Top of RECORDS SHOWN

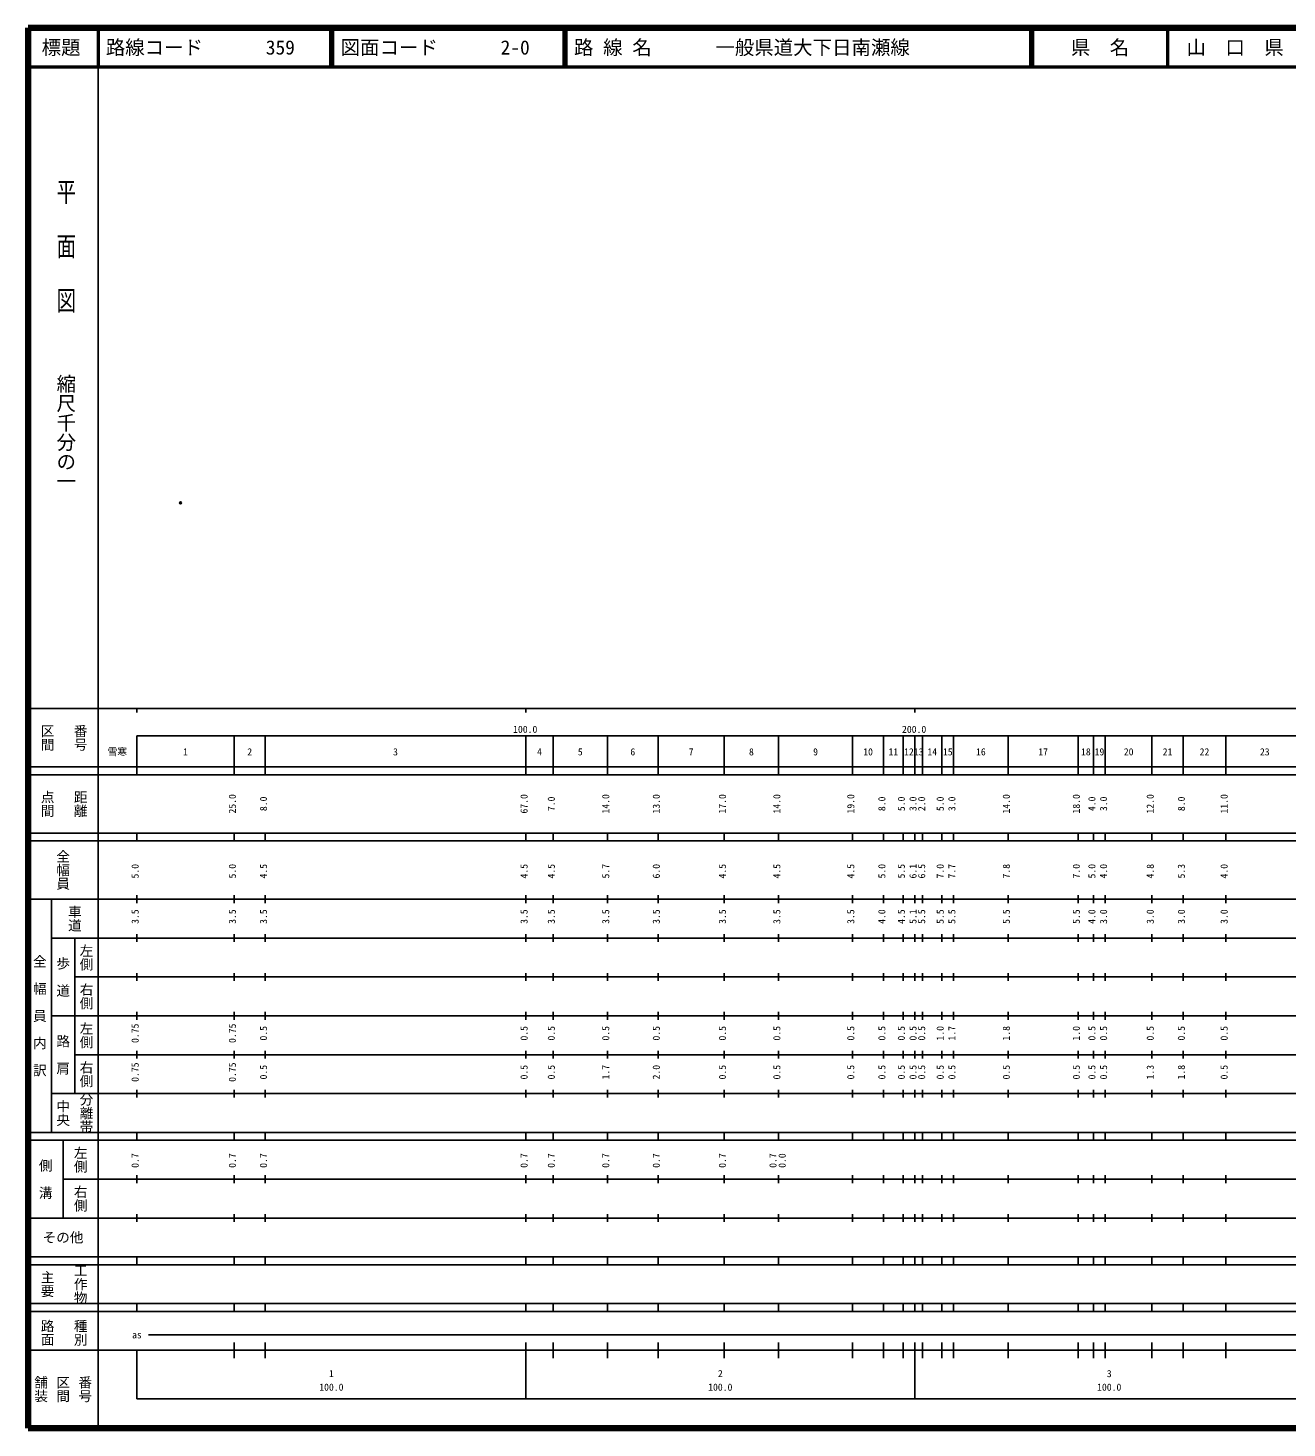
# Model space of a CAD drawing. Units: millimetres on the paper. Extents: x 40 to 680, y 20 to 380.
# Drawn here: x 40 to 363.7, y 20 to 380 of the extents above; entities that cross this region are included whole.
import ezdxf
from ezdxf.enums import TextEntityAlignment as Align

# ---------------------------------------------------------------- set-up
doc = ezdxf.new("R2010")
doc.units = ezdxf.units.MM
doc.header["$PDMODE"] = 32
doc.header["$PDSIZE"] = 0.5
doc.layers.add('M-OTRS', color=6, linetype='Continuous')
doc.layers.add('M-TTL-TXT', color=7, linetype='Continuous')
for name, color, linetype, lineweight in [('M-TTL', 2, 'Continuous', 140), ('M-TTL-BAND', 7, 'Continuous', 25), ('M-TTL-LINE', 7, 'Continuous', 50)]:
    doc.layers.add(name, color=color, linetype=linetype, lineweight=lineweight)
doc.styles.add('@ＭＳ ゴシック', font='')
doc.styles.add('ＭＳ ゴシック', font='')
doc.styles.get('@ＭＳ ゴシック').set_extended_font_data('@MS Gothic')
doc.styles.get('ＭＳ ゴシック').set_extended_font_data('MS Gothic')

msp = doc.modelspace()

# ---------------------------------------------------------------- linework, layer by layer
at = {"layer": 'M-OTRS'}
msp.add_point((79.238, 257.874), dxfattribs=at)
at = {"layer": 'M-TTL'}
for p, q in [((40, 380), (40, 20)), ((680, 380), (40, 380)), ((40, 20), (680, 20))]:
    msp.add_line(p, q, dxfattribs=at)
at = {"layer": 'M-TTL-BAND'}
for p, q in [((58, 370), (58, 20)), ((40, 205), (579, 205)), ((68, 205), (68, 204)), ((168, 205), (168, 204)), ((268, 205), (268, 204)), ((68, 198), (579, 198)), ((68, 198), (68, 188)), ((93, 188), (93, 198)), ((101, 188), (101, 198)), ((168, 188), (168, 198)), ((175, 188), (175, 198)), ((189, 188), (189, 198)), ((202, 188), (202, 198)), ((219, 188), (219, 198)), ((233, 188), (233, 198)), ((252, 188), (252, 198)), ((260, 188), (260, 198)), ((265, 188), (265, 198)), ((268, 188), (268, 198)), ((270, 188), (270, 198)), ((275, 188), (275, 198)), ((278, 188), (278, 198)), ((292, 188), (292, 198)), ((310, 188), (310, 198)), ((314, 188), (314, 198)), ((317, 188), (317, 198)), ((329, 188), (329, 198)), ((337, 188), (337, 198)), ((348, 188), (348, 198)), ((40, 190), (579, 190)), ((40, 188), (579, 188)), ((40, 173), (579, 173)), ((68, 171), (68, 173)), ((93, 171), (93, 173)), ((101, 171), (101, 173)), ((168, 171), (168, 173)), ((175, 171), (175, 173)), ((189, 171), (189, 173)), ((202, 171), (202, 173)), ((219, 171), (219, 173)), ((233, 171), (233, 173)), ((252, 171), (252, 173)), ((260, 171), (260, 173)), ((265, 171), (265, 173)), ((268, 171), (268, 173)), ((270, 171), (270, 173)), ((275, 171), (275, 173)), ((278, 171), (278, 173)), ((292, 171), (292, 173)), ((310, 171), (310, 173)), ((314, 171), (314, 173)), ((317, 171), (317, 173)), ((329, 171), (329, 173)), ((337, 171), (337, 173)), ((348, 171), (348, 173)), ((40, 171), (579, 171)), ((40, 156), (579, 156)), ((46, 96), (46, 156)), ((68, 155), (68, 157)), ((93, 155), (93, 157)), ((101, 155), (101, 157)), ((168, 155), (168, 157)), ((175, 155), (175, 157)), ((189, 155), (189, 157)), ((202, 155), (202, 157)), ((219, 155), (219, 157)), ((233, 155), (233, 157)), ((252, 155), (252, 157)), ((260, 155), (260, 157)), ((265, 155), (265, 157)), ((268, 155), (268, 157)), ((270, 155), (270, 157)), ((275, 155), (275, 157)), ((278, 155), (278, 157)), ((292, 155), (292, 157)), ((310, 155), (310, 157)), ((314, 155), (314, 157)), ((317, 155), (317, 157)), ((329, 155), (329, 157)), ((337, 155), (337, 157)), ((348, 155), (348, 157)), ((46, 146), (579, 146)), ((52, 146), (52, 106)), ((68, 145), (68, 147)), ((93, 145), (93, 147)), ((101, 145), (101, 147)), ((168, 145), (168, 147)), ((175, 145), (175, 147)), ((189, 145), (189, 147)), ((202, 145), (202, 147)), ((219, 145), (219, 147)), ((233, 145), (233, 147)), ((252, 145), (252, 147)), ((260, 145), (260, 147)), ((265, 145), (265, 147)), ((268, 145), (268, 147)), ((270, 145), (270, 147)), ((275, 145), (275, 147)), ((278, 145), (278, 147)), ((292, 145), (292, 147)), ((310, 145), (310, 147)), ((314, 145), (314, 147)), ((317, 145), (317, 147)), ((329, 145), (329, 147)), ((337, 145), (337, 147)), ((348, 145), (348, 147)), ((68, 135), (68, 137)), ((93, 135), (93, 137)), ((101, 135), (101, 137)), ((168, 135), (168, 137)), ((175, 135), (175, 137)), ((189, 135), (189, 137)), ((202, 135), (202, 137)), ((219, 135), (219, 137)), ((233, 135), (233, 137)), ((252, 135), (252, 137)), ((260, 135), (260, 137)), ((265, 135), (265, 137)), ((268, 135), (268, 137)), ((270, 135), (270, 137)), ((275, 135), (275, 137)), ((278, 135), (278, 137)), ((292, 135), (292, 137)), ((310, 135), (310, 137)), ((314, 135), (314, 137)), ((317, 135), (317, 137)), ((329, 135), (329, 137)), ((337, 135), (337, 137)), ((348, 135), (348, 137)), ((52, 136), (579, 136)), ((46, 126), (579, 126)), ((68, 125), (68, 127)), ((93, 125), (93, 127)), ((101, 125), (101, 127)), ((168, 125), (168, 127)), ((175, 125), (175, 127)), ((189, 125), (189, 127)), ((202, 125), (202, 127)), ((219, 125), (219, 127)), ((233, 125), (233, 127)), ((252, 125), (252, 127)), ((260, 125), (260, 127)), ((265, 125), (265, 127)), ((268, 125), (268, 127)), ((270, 125), (270, 127)), ((275, 125), (275, 127)), ((278, 125), (278, 127)), ((292, 125), (292, 127)), ((310, 125), (310, 127)), ((314, 125), (314, 127)), ((317, 125), (317, 127)), ((329, 125), (329, 127)), ((337, 125), (337, 127)), ((348, 125), (348, 127)), ((52, 116), (579, 116)), ((68, 115), (68, 117)), ((93, 115), (93, 117)), ((101, 115), (101, 117)), ((168, 115), (168, 117)), ((175, 115), (175, 117)), ((189, 115), (189, 117)), ((202, 115), (202, 117)), ((219, 115), (219, 117)), ((233, 115), (233, 117)), ((252, 115), (252, 117)), ((260, 115), (260, 117)), ((265, 115), (265, 117)), ((268, 115), (268, 117)), ((270, 115), (270, 117)), ((275, 115), (275, 117)), ((278, 115), (278, 117)), ((292, 115), (292, 117)), ((310, 115), (310, 117)), ((314, 115), (314, 117)), ((317, 115), (317, 117)), ((329, 115), (329, 117)), ((337, 115), (337, 117)), ((348, 115), (348, 117)), ((46, 106), (579, 106)), ((68, 105), (68, 107)), ((93, 105), (93, 107)), ((101, 105), (101, 107)), ((168, 105), (168, 107)), ((175, 105), (175, 107)), ((189, 105), (189, 107)), ((202, 105), (202, 107)), ((219, 105), (219, 107)), ((233, 105), (233, 107)), ((252, 105), (252, 107)), ((260, 105), (260, 107)), ((265, 105), (265, 107)), ((268, 105), (268, 107)), ((270, 105), (270, 107)), ((275, 105), (275, 107)), ((278, 105), (278, 107)), ((292, 105), (292, 107)), ((310, 105), (310, 107)), ((314, 105), (314, 107)), ((317, 105), (317, 107)), ((329, 105), (329, 107)), ((337, 105), (337, 107)), ((348, 105), (348, 107)), ((40, 96), (579, 96)), ((40, 94), (579, 94)), ((49, 94), (49, 74)), ((68, 94), (68, 96)), ((93, 94), (93, 96)), ((101, 94), (101, 96)), ((168, 94), (168, 96)), ((175, 94), (175, 96)), ((189, 94), (189, 96)), ((202, 94), (202, 96)), ((219, 94), (219, 96)), ((233, 94), (233, 96)), ((252, 94), (252, 96)), ((260, 94), (260, 96)), ((265, 94), (265, 96)), ((268, 94), (268, 96)), ((270, 94), (270, 96)), ((275, 94), (275, 96)), ((278, 94), (278, 96)), ((292, 94), (292, 96)), ((310, 94), (310, 96)), ((314, 94), (314, 96)), ((317, 94), (317, 96)), ((329, 94), (329, 96)), ((337, 94), (337, 96)), ((348, 94), (348, 96)), ((49, 84), (579, 84)), ((68, 83), (68, 85)), ((93, 83), (93, 85)), ((101, 83), (101, 85)), ((168, 83), (168, 85)), ((175, 83), (175, 85)), ((189, 83), (189, 85)), ((202, 83), (202, 85)), ((219, 83), (219, 85)), ((233, 83), (233, 85)), ((252, 83), (252, 85)), ((260, 83), (260, 85)), ((265, 83), (265, 85)), ((268, 83), (268, 85)), ((270, 83), (270, 85)), ((275, 83), (275, 85)), ((278, 83), (278, 85)), ((292, 83), (292, 85)), ((310, 83), (310, 85)), ((314, 83), (314, 85)), ((317, 83), (317, 85)), ((329, 83), (329, 85)), ((337, 83), (337, 85)), ((348, 83), (348, 85)), ((40, 74), (579, 74)), ((68, 73), (68, 75)), ((93, 73), (93, 75)), ((101, 73), (101, 75)), ((168, 73), (168, 75)), ((175, 73), (175, 75)), ((189, 73), (189, 75)), ((202, 73), (202, 75)), ((219, 73), (219, 75)), ((233, 73), (233, 75)), ((252, 73), (252, 75)), ((260, 73), (260, 75)), ((265, 73), (265, 75)), ((268, 73), (268, 75)), ((270, 73), (270, 75)), ((275, 73), (275, 75)), ((278, 73), (278, 75)), ((292, 73), (292, 75)), ((310, 73), (310, 75)), ((314, 73), (314, 75)), ((317, 73), (317, 75)), ((329, 73), (329, 75)), ((337, 73), (337, 75)), ((348, 73), (348, 75)), ((40, 64), (579, 64)), ((40, 62), (579, 62)), ((68, 62), (68, 64)), ((93, 62), (93, 64)), ((101, 62), (101, 64)), ((168, 62), (168, 64)), ((175, 62), (175, 64)), ((189, 62), (189, 64)), ((202, 62), (202, 64)), ((219, 62), (219, 64)), ((233, 62), (233, 64)), ((252, 62), (252, 64)), ((260, 62), (260, 64)), ((265, 62), (265, 64)), ((268, 62), (268, 64)), ((270, 62), (270, 64)), ((275, 62), (275, 64)), ((278, 62), (278, 64)), ((292, 62), (292, 64)), ((310, 62), (310, 64)), ((314, 62), (314, 64)), ((317, 62), (317, 64)), ((329, 62), (329, 64)), ((337, 62), (337, 64)), ((348, 62), (348, 64)), ((40, 52), (579, 52)), ((68, 50), (68, 52)), ((93, 50), (93, 52)), ((101, 50), (101, 52)), ((168, 50), (168, 52)), ((175, 50), (175, 52)), ((189, 50), (189, 52)), ((202, 50), (202, 52)), ((219, 50), (219, 52)), ((233, 50), (233, 52)), ((252, 50), (252, 52)), ((260, 50), (260, 52)), ((265, 50), (265, 52)), ((268, 50), (268, 52)), ((270, 50), (270, 52)), ((275, 50), (275, 52)), ((278, 50), (278, 52)), ((292, 50), (292, 52)), ((310, 50), (310, 52)), ((314, 50), (314, 52)), ((317, 50), (317, 52)), ((329, 50), (329, 52)), ((337, 50), (337, 52)), ((348, 50), (348, 52)), ((40, 50), (579, 50)), ((71, 44), (565, 44)), ((40, 40), (579, 40)), ((68, 40), (68, 27.5)), ((93, 38), (93, 42)), ((101, 38), (101, 42)), ((168, 27.5), (168, 42)), ((175, 38), (175, 42)), ((189, 38), (189, 42)), ((202, 38), (202, 42)), ((219, 38), (219, 42)), ((233, 38), (233, 42)), ((252, 38), (252, 42)), ((260, 38), (260, 42)), ((265, 38), (265, 42)), ((268, 27.5), (268, 42)), ((270, 38), (270, 42)), ((275, 38), (275, 42)), ((278, 38), (278, 42)), ((292, 38), (292, 42)), ((310, 38), (310, 42)), ((314, 38), (314, 42)), ((317, 38), (317, 42)), ((329, 38), (329, 42)), ((337, 38), (337, 42)), ((348, 38), (348, 42)), ((68, 27.5), (579, 27.5))]:
    msp.add_line(p, q, dxfattribs=at)
at = {"layer": 'M-TTL-LINE'}
for p, q in [((58, 380), (58, 370)), ((117.75, 380), (117.75, 370)), ((118.25, 380), (118.25, 370)), ((177.75, 380), (177.75, 370)), ((178.25, 380), (178.25, 370)), ((297.75, 380), (297.75, 370)), ((298.25, 380), (298.25, 370)), ((333, 380), (333, 370)), ((40, 370), (680, 370))]:
    msp.add_line(p, q, dxfattribs=at)

# ---------------------------------------------------------------- texts
at = {"layer": 'M-TTL-BAND', "style": '@ＭＳ ゴシック', "width": 1.4}
msp.add_text('平  面  図', height=3.666, rotation=270, dxfattribs=at).set_placement((49.777, 306.475), align=Align.MIDDLE_RIGHT)
at = {"layer": 'M-TTL-BAND', "style": '@ＭＳ ゴシック'}
msp.add_text('縮尺千分の一', height=3.666, rotation=270, dxfattribs=at).set_placement((49.777, 261.03), align=Align.MIDDLE_RIGHT)
for s, p in [('区間', (45, 197.5)), ('番号', (53.5, 197.5)), ('点間', (45, 180.5)), ('距離', (53.5, 180.5)), ('全幅員', (49, 163.5)), ('車道', (52, 151)), ('左側', (55, 141)), ('全\u3000幅\u3000員\u3000内\u3000訳', (43, 126)), ('歩\u3000道', (49, 136)), ('右側', (55, 131)), ('左側', (55, 121)), ('路\u3000肩', (49, 116)), ('右側', (55, 111)), ('分離帯', (55, 101)), ('中央', (49, 101)), ('左側', (53.5, 89)), ('側\u3000溝', (44.5, 84)), ('右側', (53.5, 79)), ('工作物', (53.5, 57)), ('主要', (45, 57)), ('路面', (45, 44.5)), ('種別', (53.5, 44.5)), ('舗装', (43.333, 30)), ('区間', (49, 30)), ('番号', (54.667, 30))]:
    msp.add_text(s, height=2.566, rotation=270, dxfattribs=at).set_placement(p, align=Align.MIDDLE_CENTER)
at = {"layer": 'M-TTL-BAND', "style": 'ＭＳ ゴシック'}
for s, p in [('100.0', (167.844, 198.195)), ('200.0', (267.844, 198.195)), ('雪寒', (62.962, 192.405)), ('1', (80.5, 192.405)), ('2', (97, 192.405)), ('3', (134.5, 192.405)), ('4', (171.5, 192.405)), ('5', (182, 192.405)), ('6', (195.5, 192.405)), ('7', (210.5, 192.405)), ('8', (226, 192.405)), ('9', (242.5, 192.405)), ('10', (256, 192.405)), ('11', (262.5, 192.405)), ('12', (266.5, 192.405)), ('13', (269, 192.405)), ('14', (272.5, 192.405)), ('15', (276.5, 192.405)), ('16', (285, 192.405)), ('17', (301, 192.405)), ('18', (312, 192.405)), ('19', (315.5, 192.405)), ('20', (323, 192.405)), ('21', (333, 192.405)), ('22', (342.5, 192.405)), ('23', (358, 192.405)), ('as', (68, 42.5)), ('1', (118, 32.523)), ('2', (218, 32.523)), ('3', (318, 32.523)), ('100.0', (118, 29.033)), ('100.0', (218, 29.033)), ('100.0', (318, 29.033))]:
    msp.add_text(s, height=1.833, dxfattribs=at).set_placement(p, align=Align.BOTTOM_CENTER)
for s, p in [('25.0', (94, 180.5)), ('8.0', (102, 180.5)), ('67.0', (169, 180.5)), ('7.0', (176, 180.5)), ('14.0', (190, 180.5)), ('13.0', (203, 180.5)), ('17.0', (220, 180.5)), ('14.0', (234, 180.5)), ('19.0', (253, 180.5)), ('8.0', (261, 180.5)), ('5.0', (266, 180.5)), ('3.0', (269, 180.5)), ('2.0', (271.232, 180.5)), ('5.0', (276, 180.5)), ('3.0', (279, 180.5)), ('14.0', (293, 180.5)), ('18.0', (311, 180.5)), ('4.0', (315, 180.5)), ('3.0', (318, 180.5)), ('12.0', (330, 180.5)), ('8.0', (338, 180.5)), ('11.0', (349, 180.5)), ('5.0', (69, 163.174)), ('5.0', (94, 163.174)), ('4.5', (102, 163.174)), ('4.5', (169, 163.174)), ('4.5', (176, 163.174)), ('5.7', (190, 163.174)), ('6.0', (203, 163.174)), ('4.5', (220, 163.174)), ('4.5', (234, 163.174)), ('4.5', (253, 163.174)), ('5.0', (261, 163.174)), ('5.5', (266, 163.174)), ('6.1', (269, 163.174)), ('6.5', (271.232, 163.174)), ('7.0', (276, 163.174)), ('7.7', (279, 163.174)), ('7.8', (293, 163.174)), ('7.0', (311, 163.174)), ('5.0', (315, 163.174)), ('4.0', (318, 163.174)), ('4.8', (330, 163.174)), ('5.3', (338, 163.174)), ('4.0', (349, 163.174)), ('3.5', (69, 151.5)), ('3.5', (94, 151.5)), ('3.5', (102, 151.5)), ('3.5', (169, 151.5)), ('3.5', (176, 151.5)), ('3.5', (190, 151.5)), ('3.5', (203, 151.5)), ('3.5', (220, 151.5)), ('3.5', (234, 151.5)), ('3.5', (253, 151.5)), ('4.0', (261, 151.5)), ('4.5', (266, 151.5)), ('5.1', (269, 151.5)), ('5.5', (271.232, 151.5)), ('5.5', (276, 151.5)), ('5.5', (279, 151.5)), ('5.5', (293, 151.5)), ('5.5', (311, 151.5)), ('4.0', (315, 151.5)), ('3.0', (318, 151.5)), ('3.0', (330, 151.5)), ('3.0', (338, 151.5)), ('3.0', (349, 151.5)), ('0.75', (69, 121.5)), ('0.75', (94, 121.5)), ('0.5', (102, 121.5)), ('0.5', (169, 121.5)), ('0.5', (176, 121.5)), ('0.5', (190, 121.5)), ('0.5', (203, 121.5)), ('0.5', (220, 121.5)), ('0.5', (234, 121.5)), ('0.5', (253, 121.5)), ('0.5', (261, 121.5)), ('0.5', (266, 121.5)), ('0.5', (269, 121.5)), ('0.5', (271.232, 121.5)), ('1.0', (276, 121.5)), ('1.7', (279, 121.5)), ('1.8', (293, 121.5)), ('1.0', (311, 121.5)), ('0.5', (315, 121.5)), ('0.5', (318, 121.5)), ('0.5', (330, 121.5)), ('0.5', (338, 121.5)), ('0.5', (349, 121.5)), ('0.75', (69, 111.5)), ('0.75', (94, 111.5)), ('0.5', (102, 111.5)), ('0.5', (169, 111.5)), ('0.5', (176, 111.5)), ('1.7', (190, 111.5)), ('2.0', (203, 111.5)), ('0.5', (220, 111.5)), ('0.5', (234, 111.5)), ('0.5', (253, 111.5)), ('0.5', (261, 111.5)), ('0.5', (266, 111.5)), ('0.5', (269, 111.5)), ('0.5', (271.232, 111.5)), ('0.5', (276, 111.5)), ('0.5', (279, 111.5)), ('0.5', (293, 111.5)), ('0.5', (311, 111.5)), ('0.5', (315, 111.5)), ('0.5', (318, 111.5)), ('1.3', (330, 111.5)), ('1.8', (338, 111.5)), ('0.5', (349, 111.5)), ('0.7', (69, 88.764)), ('0.7', (94, 88.764)), ('0.7', (102, 88.764)), ('0.7', (169, 88.764)), ('0.7', (176, 88.764)), ('0.7', (190, 88.764)), ('0.7', (203, 88.764)), ('0.7', (220, 88.764)), ('0.7', (233, 88.764)), ('0.0', (235.37, 88.764))]:
    msp.add_text(s, height=1.833, rotation=90, dxfattribs=at).set_placement(p, align=Align.BOTTOM_CENTER)
msp.add_text('その他', height=2.566, dxfattribs=at).set_placement((49, 69), align=Align.MIDDLE_CENTER)
at = {"layer": 'M-TTL-TXT', "style": 'ＭＳ ゴシック'}
for s, p in [('標題', (48.5, 375)), ('県\u3000名', (315.625, 375)), ('山\u3000口\u3000県', (350.375, 375))]:
    msp.add_text(s, height=3.666, dxfattribs=at).set_placement(p, align=Align.MIDDLE_CENTER)
for s, p in [('路線コード', (60, 375)), ('359', (101.142, 375)), ('図面コード', (120.38, 375)), ('2-0', (161.521, 375)), ('路 線 名', (180.38, 375)), ('一般県道大下日南瀬線', (216.734, 375))]:
    msp.add_text(s, height=3.666, dxfattribs=at).set_placement(p, align=Align.MIDDLE_LEFT)

doc.saveas('drawing.dxf')

Bottom of RECORDS SHOWN

(YOUR OBJECTIVE): Look through the records for the string "BAND". Copy every line that has it.

(TASK RESULT):
for name, color, linetype, lineweight in [('M-TTL', 2, 'Continuous', 140), ('M-TTL-BAND', 7, 'Continuous', 25), ('M-TTL-LINE', 7, 'Continuous', 50)]:
at = {"layer": 'M-TTL-BAND'}
at = {"layer": 'M-TTL-BAND', "style": '@ＭＳ ゴシック', "width": 1.4}
at = {"layer": 'M-TTL-BAND', "style": '@ＭＳ ゴシック'}
at = {"layer": 'M-TTL-BAND', "style": 'ＭＳ ゴシック'}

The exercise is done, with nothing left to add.